Stook: To pile up sheaves on end against one another to protect the grains from moisture rising up from the ground and to start the drying-out process. [> stack]
							
							Image from Wikipedia							
 — p.p.
That yeoman farmer
					reaps it quickly,
					and having done so gathers the crop quickly,
					gets it harvested quickly,
					puts it in stooks,
					treads it out,
					pulls off the stalks,[10]
					winnows away the chaff,
					collects the rice,
					thrashes it out
					and removes the husks quickly.
Thus that yeoman farmer's crops
					reach perfection,
					come to the essential,
					are cleansed
					and set firm in the essential.
■
[4][than] Just so, monks,
					in the autumn season
					when the sky is clear
					and the clouds have fled,
					the sun
					leaping up[11] into the firmament
					drives away all darkness from the heavens
					and shines and burns and flashes forth, -
					even so in the Ariyan disciple
					arises the flawless,
					taintless eye of wisdom,[12]
					and along with this arising
					three fetters are abandoned,
					to wit:
The view of the person-pack,[13]
					doubt-and-wavering
					and wrong handling of rite and ritual.
■
Nay more,
					he departs from two things,
					coveting
					and malevolence.
■
This disciple,
					aloof from sensual desires,
					aloof from unprofitable states,
					entering on the first musing,
					which is accompanied by thought directed and sustained,
					born of seclusion,
					zestful and easeful,
					dwells therein.
[222] At such time, monks,
					if the Ariyan disciple should make an end,
					there is no fetter
					bound by which
					he would come back again
					to this world."[14]
[1] Cīvaraṁ (etc.) nissāya uppajjanaka-kilesehi vivitta-bhāvaṁ. Comy.
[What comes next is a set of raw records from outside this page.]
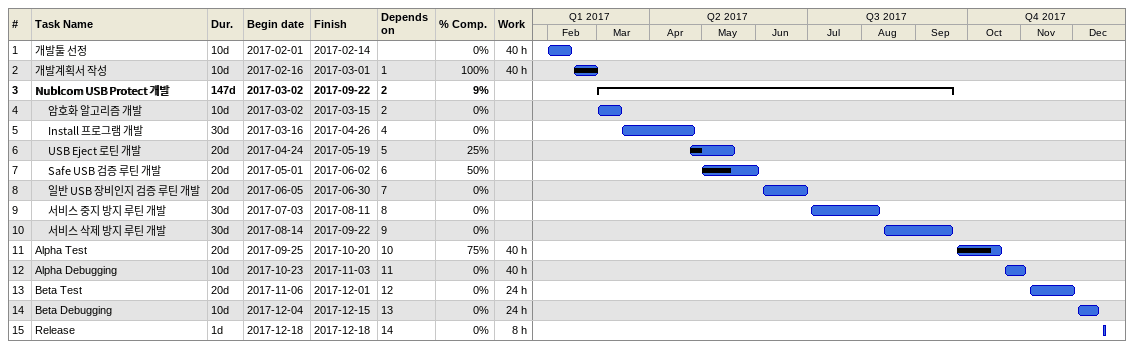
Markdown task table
| ID | Level | Task | Duration | Start | Finish | Predecessors | % complete | Work (h) |
|---|---|---|---|---|---|---|---|---|
| 1 | 1 | 개발툴 선정 | 10d | 2017-02-01 | 2017-02-14 |  | 0 | 40 |
| 2 | 1 | 개발계획서 작성 | 10d | 2017-02-16 | 2017-03-01 | 1 | 100 | 40 |
| 3 | 1 | **Nublcom USB Protect 개발** | 147d | 2017-03-02 | 2017-09-22 | 2 | 9 |  |
| 4 | 2 | 암호화 알고리즘 개발 | 10d | 2017-03-02 | 2017-03-15 | 2 | 0 |  |
| 5 | 2 | Install 프로그램 개발 | 30d | 2017-03-16 | 2017-04-26 | 4 | 0 |  |
| 6 | 2 | USB Eject 로틴 개발 | 20d | 2017-04-24 | 2017-05-19 | 5 | 25 |  |
| 7 | 2 | Safe USB 검증 루틴 개발 | 20d | 2017-05-01 | 2017-06-02 | 6 | 50 |  |
| 8 | 2 | 일반 USB 장비인지 검증 루틴 개발 | 20d | 2017-06-05 | 2017-06-30 | 7 | 0 |  |
| 9 | 2 | 서비스 중지 방지 루틴 개발 | 30d | 2017-07-03 | 2017-08-11 | 8 | 0 |  |
| 10 | 2 | 서비스 삭제 방지 루틴 개발 | 30d | 2017-08-14 | 2017-09-22 | 9 | 0 |  |
| 11 | 1 | Alpha Test | 20d | 2017-09-25 | 2017-10-20 | 10 | 75 | 40 |
| 12 | 1 | Alpha Debugging | 10d | 2017-10-23 | 2017-11-03 | 11 | 0 | 40 |
| 13 | 1 | Beta Test | 20d | 2017-11-06 | 2017-12-01 | 12 | 0 | 24 |
| 14 | 1 | Beta Debugging | 10d | 2017-12-04 | 2017-12-15 | 13 | 0 | 24 |
| 15 | 1 | Release | 1d | 2017-12-18 | 2017-12-18 | 14 | 0 | 8 |
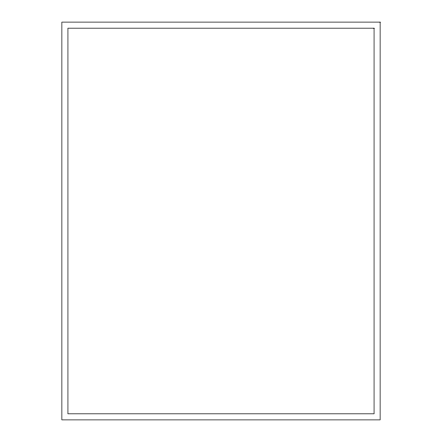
<?xml version="1.0" encoding="UTF-8"?>
<svg xmlns="http://www.w3.org/2000/svg" width="442" height="442" viewBox="0 0 442 442"><rect width="100%" height="100%" fill="white"/><g stroke="black" fill="none" stroke-linecap="round" stroke-linejoin="round"><path stroke-width="0.66" d="M380.12 22.1L61.88 22.1L61.88 419.9L380.12 419.9L380.12 22.1M374.059 28.161L67.941 28.161L67.941 413.839L374.059 413.839L374.059 28.161"/></g></svg>

[2] Masāṇa, 'of mixed texture.' Comy. The Buddha himself had tried all these ascetic practices, acc. to M. i, 77 ff.
[3] Tirītakāni, at D. i, 166 tirītīni.
[4] Comy. says it also means 'with horns and hoofs still attached.'
[5] Daddula. Comy. (as at MA. ii, 45) calls this 'the parings of hide thrown away by leather-workers,' but this would hardly be vegetarian diet! Cf. infra, text 295 re 'the Unclothed.'
[6] Haṭa = sileso or sevāḷa. Comy.
[7] Ācāma, 'the burnt overboilings of pots.' Comy.
[8] Vanapanthaṁ. Comy. does not discuss these terms. At MA. ii, 215 (on M. i, 181), text and Comy. alike read vanapatthaṁ (cf. Vibh. 251), 'wilderness.'
[9] Sāre patiṭṭhito = sīla-samādhi-paññā-sāre p. Comy. Cf. M. i, 31.
[10] Uddharāpetvā.
[11] Cf. D. ii, 183; M. i, 317 = S. iii, 156 = Itiv. 20. Abbhussakamāno is also read.
[12] Dhamma-ccakkhu, cf. D. i, 86, 'the insight of the stream-winner into the Four Truths.' Comy.
[13] Sakkāya-.
[14] He would then be not stream-winner but non-returner. Comy. says he is jhān'anāgamin.